### Extracted entries
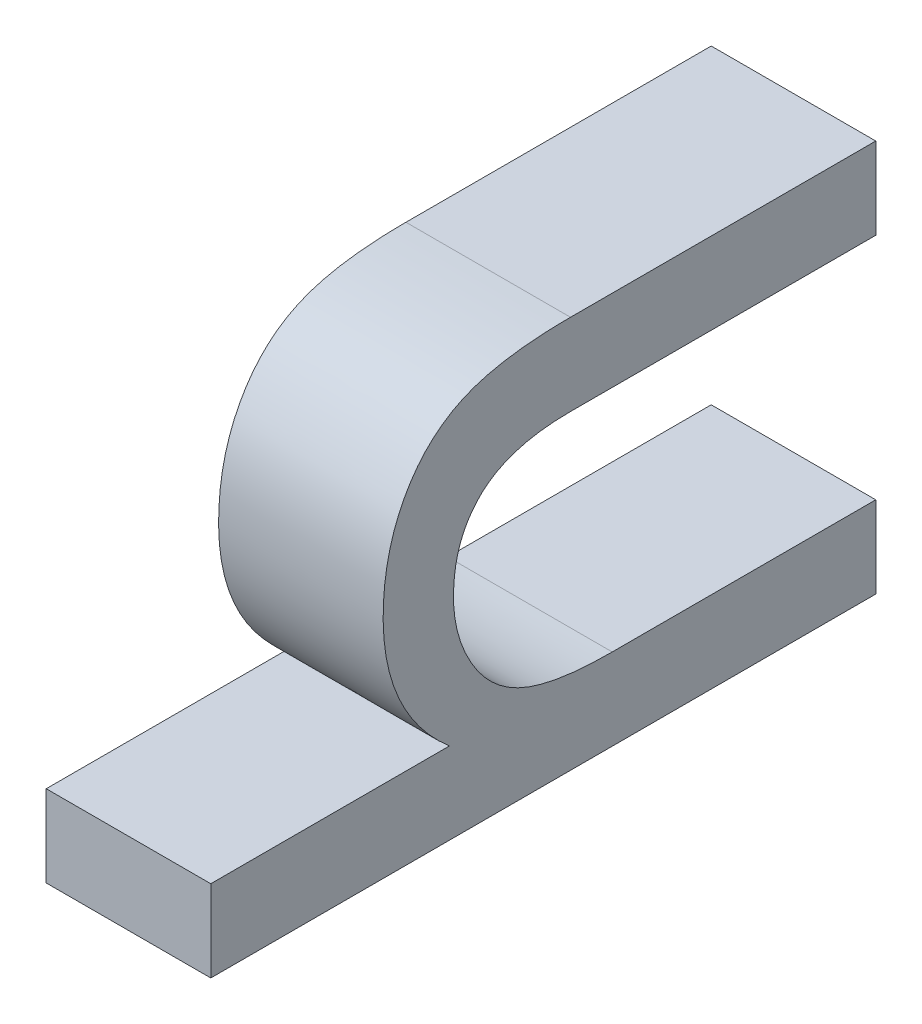
ISO-10303-21;
HEADER;
FILE_DESCRIPTION(('STEP AP214'),'2;1');
FILE_NAME('part.step','',(''),(''),'','','');
FILE_SCHEMA(('AUTOMOTIVE_DESIGN { 1 0 10303 214 1 1 1 1 }'));
ENDSEC;
DATA;
#1=APPLICATION_CONTEXT('core data for automotive mechanical design processes');
#2=APPLICATION_PROTOCOL_DEFINITION('international standard','automotive_design',2000,#1);
#3=PRODUCT_CONTEXT('',#1,'mechanical');
#4=PRODUCT('Part','Part','',(#3));
#5=PRODUCT_RELATED_PRODUCT_CATEGORY('part','',(#4));
#6=PRODUCT_DEFINITION_FORMATION('','',#4);
#7=PRODUCT_DEFINITION_CONTEXT('part definition',#1,'design');
#8=PRODUCT_DEFINITION('design','',#6,#7);
#9=PRODUCT_DEFINITION_SHAPE('','',#8);
#10=(LENGTH_UNIT() NAMED_UNIT(*) SI_UNIT(.MILLI.,.METRE.));
#11=(NAMED_UNIT(*) PLANE_ANGLE_UNIT() SI_UNIT($,.RADIAN.));
#12=(NAMED_UNIT(*) SI_UNIT($,.STERADIAN.) SOLID_ANGLE_UNIT());
#13=UNCERTAINTY_MEASURE_WITH_UNIT(LENGTH_MEASURE(1.E-05),#10,'distance_accuracy_value','');
#14=(GEOMETRIC_REPRESENTATION_CONTEXT(3) GLOBAL_UNCERTAINTY_ASSIGNED_CONTEXT((#13)) GLOBAL_UNIT_ASSIGNED_CONTEXT((#10,
#11,#12)) REPRESENTATION_CONTEXT('',''));
#15=CARTESIAN_POINT('',(0.,0.,0.));
#16=DIRECTION('',(0.,0.,1.));
#17=DIRECTION('',(1.,0.,0.));
#18=AXIS2_PLACEMENT_3D('',#15,#16,#17);
#19=CARTESIAN_POINT('',(4.5522994071292,-39.8047103887996,-8.75754347469336));
#20=DIRECTION('',(-1.,0.,0.));
#21=DIRECTION('',(0.,0.,1.));
#22=AXIS2_PLACEMENT_3D('',#19,#20,#21);
#23=PLANE('',#22);
#24=CARTESIAN_POINT('',(4.55229940712917,-39.5860826612727,-9.02665025987623));
#25=CARTESIAN_POINT('',(4.55229940712917,-39.5860826612727,-8.98943702965888));
#26=CARTESIAN_POINT('',(4.55229940712917,-39.6022083943669,-8.9724843358932));
#27=CARTESIAN_POINT('',(4.55229940712917,-39.618334127461,-8.95553164212752));
#28=CARTESIAN_POINT('',(4.55229940712918,-39.6478290580778,-8.95553164212752));
#29=CARTESIAN_POINT('',(4.55229940712918,-39.669881342651,-8.95553164212752));
#30=CARTESIAN_POINT('',(4.55229940712918,-39.6893149184312,-8.96697126474989));
#31=CARTESIAN_POINT('',(4.55229940712919,-39.7087484942113,-8.97841088737226));
#32=CARTESIAN_POINT('',(4.55229940712919,-39.7170181009263,-8.99798228993101));
#33=CARTESIAN_POINT('',(4.55229940712919,-39.7252877076413,-9.01755369248976));
#34=CARTESIAN_POINT('',(4.55229940712919,-39.7252877076413,-9.05201038713546));
#35=(BOUNDED_CURVE() B_SPLINE_CURVE(2,(#24,#25,#26,#27,#28,#29,#30,#31,#32,#33,#34),
.UNSPECIFIED.,.F.,.F.) B_SPLINE_CURVE_WITH_KNOTS((3,2,2,2,2,3),(23.9982958418541,
24.9982958418541,25.9982958418541,26.9982958418541,27.9982958418541,28.9982958418541),
.UNSPECIFIED.) CURVE() GEOMETRIC_REPRESENTATION_ITEM() RATIONAL_B_SPLINE_CURVE((1.,1.,1.,1.,1.,
1.,1.,1.,1.,1.,1.)) REPRESENTATION_ITEM(''));
#36=CARTESIAN_POINT('',(4.55229940712917,-39.5860826612727,-9.02665025987623));
#37=VERTEX_POINT('',#36);
#38=CARTESIAN_POINT('',(4.55229940712919,-39.7252877076413,-9.05201038713546));
#39=VERTEX_POINT('',#38);
#40=EDGE_CURVE('E279',#37,#39,#35,.T.);
#41=ORIENTED_EDGE('',*,*,#40,.T.);
#42=CARTESIAN_POINT('',(4.55229940712919,-39.7252877076413,-9.05201038713546));
#43=CARTESIAN_POINT('',(4.55229940712919,-39.7252877076413,-9.13208774549205));
#44=CARTESIAN_POINT('',(4.55229940712919,-39.7252877076413,-9.21216510384864));
#45=(BOUNDED_CURVE() B_SPLINE_CURVE(2,(#42,#43,#44),.UNSPECIFIED.,.F.,
.F.) B_SPLINE_CURVE_WITH_KNOTS((3,3),(28.9982958418541,29.988411724608),
.UNSPECIFIED.) CURVE() GEOMETRIC_REPRESENTATION_ITEM() RATIONAL_B_SPLINE_CURVE((1.,1.,1.)) REPRESENTATION_ITEM(''));
#46=CARTESIAN_POINT('',(4.55229940712919,-39.7252877076413,-9.21216510384864));
#47=VERTEX_POINT('',#46);
#48=EDGE_CURVE('E207',#39,#47,#45,.T.);
#49=ORIENTED_EDGE('',*,*,#48,.T.);
#50=CARTESIAN_POINT('',(4.55229940712919,-39.7252877076413,-9.21216510384864));
#51=CARTESIAN_POINT('',(4.55229940712919,-39.7500965277862,-9.21216510384864));
#52=CARTESIAN_POINT('',(4.5522994071292,-39.7749053479311,-9.21216510384864));
#53=(BOUNDED_CURVE() B_SPLINE_CURVE(2,(#50,#51,#52),.UNSPECIFIED.,.F.,
.F.) B_SPLINE_CURVE_WITH_KNOTS((3,3),(29.988411724608,30.2951601908657),
.UNSPECIFIED.) CURVE() GEOMETRIC_REPRESENTATION_ITEM() RATIONAL_B_SPLINE_CURVE((1.,1.,1.)) REPRESENTATION_ITEM(''));
#54=CARTESIAN_POINT('',(4.5522994071292,-39.7749053479311,-9.21216510384864));
#55=VERTEX_POINT('',#54);
#56=EDGE_CURVE('E91',#47,#55,#53,.T.);
#57=ORIENTED_EDGE('',*,*,#56,.T.);
#58=CARTESIAN_POINT('',(4.5522994071292,-39.7749053479311,-9.21216510384864));
#59=CARTESIAN_POINT('',(4.55229940712919,-39.7749053479311,-9.0101110464463));
#60=CARTESIAN_POINT('',(4.55229940712919,-39.7749053479311,-8.80805698904396));
#61=(BOUNDED_CURVE() B_SPLINE_CURVE(2,(#58,#59,#60),.UNSPECIFIED.,.F.,
.F.) B_SPLINE_CURVE_WITH_KNOTS((3,3),(30.2951601908657,32.7934560327198),
.UNSPECIFIED.) CURVE() GEOMETRIC_REPRESENTATION_ITEM() RATIONAL_B_SPLINE_CURVE((1.,1.,1.)) REPRESENTATION_ITEM(''));
#62=CARTESIAN_POINT('',(4.55229940712919,-39.7749053479311,-8.80805698904396));
#63=VERTEX_POINT('',#62);
#64=EDGE_CURVE('E179',#55,#63,#61,.T.);
#65=ORIENTED_EDGE('',*,*,#64,.T.);
#66=CARTESIAN_POINT('',(4.55229940712919,-39.7749053479311,-8.80805698904396));
#67=CARTESIAN_POINT('',(4.55229940712919,-39.7500965277862,-8.80805698904396));
#68=CARTESIAN_POINT('',(4.55229940712919,-39.7252877076413,-8.80805698904396));
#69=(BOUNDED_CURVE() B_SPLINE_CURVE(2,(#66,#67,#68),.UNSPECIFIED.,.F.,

### Your task
Word for word, restate all of the records. Exclude the pictures.

### Solution to this problem
ISO-10303-21;
HEADER;
FILE_DESCRIPTION(('STEP AP214'),'2;1');
FILE_NAME('part.step','',(''),(''),'','','');
FILE_SCHEMA(('AUTOMOTIVE_DESIGN { 1 0 10303 214 1 1 1 1 }'));
ENDSEC;
DATA;
#1=APPLICATION_CONTEXT('core data for automotive mechanical design processes');
#2=APPLICATION_PROTOCOL_DEFINITION('international standard','automotive_design',2000,#1);
#3=PRODUCT_CONTEXT('',#1,'mechanical');
#4=PRODUCT('Part','Part','',(#3));
#5=PRODUCT_RELATED_PRODUCT_CATEGORY('part','',(#4));
#6=PRODUCT_DEFINITION_FORMATION('','',#4);
#7=PRODUCT_DEFINITION_CONTEXT('part definition',#1,'design');
#8=PRODUCT_DEFINITION('design','',#6,#7);
#9=PRODUCT_DEFINITION_SHAPE('','',#8);
#10=(LENGTH_UNIT() NAMED_UNIT(*) SI_UNIT(.MILLI.,.METRE.));
#11=(NAMED_UNIT(*) PLANE_ANGLE_UNIT() SI_UNIT($,.RADIAN.));
#12=(NAMED_UNIT(*) SI_UNIT($,.STERADIAN.) SOLID_ANGLE_UNIT());
#13=UNCERTAINTY_MEASURE_WITH_UNIT(LENGTH_MEASURE(1.E-05),#10,'distance_accuracy_value','');
#14=(GEOMETRIC_REPRESENTATION_CONTEXT(3) GLOBAL_UNCERTAINTY_ASSIGNED_CONTEXT((#13)) GLOBAL_UNIT_ASSIGNED_CONTEXT((#10,
#11,#12)) REPRESENTATION_CONTEXT('',''));
#15=CARTESIAN_POINT('',(0.,0.,0.));
#16=DIRECTION('',(0.,0.,1.));
#17=DIRECTION('',(1.,0.,0.));
#18=AXIS2_PLACEMENT_3D('',#15,#16,#17);
#19=CARTESIAN_POINT('',(4.5522994071292,-39.8047103887996,-8.75754347469336));
#20=DIRECTION('',(-1.,0.,0.));
#21=DIRECTION('',(0.,0.,1.));
#22=AXIS2_PLACEMENT_3D('',#19,#20,#21);
#23=PLANE('',#22);
#24=CARTESIAN_POINT('',(4.55229940712917,-39.5860826612727,-9.02665025987623));
#25=CARTESIAN_POINT('',(4.55229940712917,-39.5860826612727,-8.98943702965888));
#26=CARTESIAN_POINT('',(4.55229940712917,-39.6022083943669,-8.9724843358932));
#27=CARTESIAN_POINT('',(4.55229940712917,-39.618334127461,-8.95553164212752));
#28=CARTESIAN_POINT('',(4.55229940712918,-39.6478290580778,-8.95553164212752));
#29=CARTESIAN_POINT('',(4.55229940712918,-39.669881342651,-8.95553164212752));
#30=CARTESIAN_POINT('',(4.55229940712918,-39.6893149184312,-8.96697126474989));
#31=CARTESIAN_POINT('',(4.55229940712919,-39.7087484942113,-8.97841088737226));
#32=CARTESIAN_POINT('',(4.55229940712919,-39.7170181009263,-8.99798228993101));
#33=CARTESIAN_POINT('',(4.55229940712919,-39.7252877076413,-9.01755369248976));
#34=CARTESIAN_POINT('',(4.55229940712919,-39.7252877076413,-9.05201038713546));
#35=(BOUNDED_CURVE() B_SPLINE_CURVE(2,(#24,#25,#26,#27,#28,#29,#30,#31,#32,#33,#34),
.UNSPECIFIED.,.F.,.F.) B_SPLINE_CURVE_WITH_KNOTS((3,2,2,2,2,3),(23.9982958418541,
24.9982958418541,25.9982958418541,26.9982958418541,27.9982958418541,28.9982958418541),
.UNSPECIFIED.) CURVE() GEOMETRIC_REPRESENTATION_ITEM() RATIONAL_B_SPLINE_CURVE((1.,1.,1.,1.,1.,
1.,1.,1.,1.,1.,1.)) REPRESENTATION_ITEM(''));
#36=CARTESIAN_POINT('',(4.55229940712917,-39.5860826612727,-9.02665025987623));
#37=VERTEX_POINT('',#36);
#38=CARTESIAN_POINT('',(4.55229940712919,-39.7252877076413,-9.05201038713546));
#39=VERTEX_POINT('',#38);
#40=EDGE_CURVE('E279',#37,#39,#35,.T.);
#41=ORIENTED_EDGE('',*,*,#40,.T.);
#42=CARTESIAN_POINT('',(4.55229940712919,-39.7252877076413,-9.05201038713546));
#43=CARTESIAN_POINT('',(4.55229940712919,-39.7252877076413,-9.13208774549205));
#44=CARTESIAN_POINT('',(4.55229940712919,-39.7252877076413,-9.21216510384864));
#45=(BOUNDED_CURVE() B_SPLINE_CURVE(2,(#42,#43,#44),.UNSPECIFIED.,.F.,
.F.) B_SPLINE_CURVE_WITH_KNOTS((3,3),(28.9982958418541,29.988411724608),
.UNSPECIFIED.) CURVE() GEOMETRIC_REPRESENTATION_ITEM() RATIONAL_B_SPLINE_CURVE((1.,1.,1.)) REPRESENTATION_ITEM(''));
#46=CARTESIAN_POINT('',(4.55229940712919,-39.7252877076413,-9.21216510384864));
#47=VERTEX_POINT('',#46);
#48=EDGE_CURVE('E207',#39,#47,#45,.T.);
#49=ORIENTED_EDGE('',*,*,#48,.T.);
#50=CARTESIAN_POINT('',(4.55229940712919,-39.7252877076413,-9.21216510384864));
#51=CARTESIAN_POINT('',(4.55229940712919,-39.7500965277862,-9.21216510384864));
#52=CARTESIAN_POINT('',(4.5522994071292,-39.7749053479311,-9.21216510384864));
#53=(BOUNDED_CURVE() B_SPLINE_CURVE(2,(#50,#51,#52),.UNSPECIFIED.,.F.,
.F.) B_SPLINE_CURVE_WITH_KNOTS((3,3),(29.988411724608,30.2951601908657),
.UNSPECIFIED.) CURVE() GEOMETRIC_REPRESENTATION_ITEM() RATIONAL_B_SPLINE_CURVE((1.,1.,1.)) REPRESENTATION_ITEM(''));
#54=CARTESIAN_POINT('',(4.5522994071292,-39.7749053479311,-9.21216510384864));
#55=VERTEX_POINT('',#54);
#56=EDGE_CURVE('E91',#47,#55,#53,.T.);
#57=ORIENTED_EDGE('',*,*,#56,.T.);
#58=CARTESIAN_POINT('',(4.5522994071292,-39.7749053479311,-9.21216510384864));
#59=CARTESIAN_POINT('',(4.55229940712919,-39.7749053479311,-9.0101110464463));
#60=CARTESIAN_POINT('',(4.55229940712919,-39.7749053479311,-8.80805698904396));
#61=(BOUNDED_CURVE() B_SPLINE_CURVE(2,(#58,#59,#60),.UNSPECIFIED.,.F.,
.F.) B_SPLINE_CURVE_WITH_KNOTS((3,3),(30.2951601908657,32.7934560327198),
.UNSPECIFIED.) CURVE() GEOMETRIC_REPRESENTATION_ITEM() RATIONAL_B_SPLINE_CURVE((1.,1.,1.)) REPRESENTATION_ITEM(''));
#62=CARTESIAN_POINT('',(4.55229940712919,-39.7749053479311,-8.80805698904396));
#63=VERTEX_POINT('',#62);
#64=EDGE_CURVE('E179',#55,#63,#61,.T.);
#65=ORIENTED_EDGE('',*,*,#64,.T.);
#66=CARTESIAN_POINT('',(4.55229940712919,-39.7749053479311,-8.80805698904396));
#67=CARTESIAN_POINT('',(4.55229940712919,-39.7500965277862,-8.80805698904396));
#68=CARTESIAN_POINT('',(4.55229940712919,-39.7252877076413,-8.80805698904396));
#69=(BOUNDED_CURVE() B_SPLINE_CURVE(2,(#66,#67,#68),.UNSPECIFIED.,.F.,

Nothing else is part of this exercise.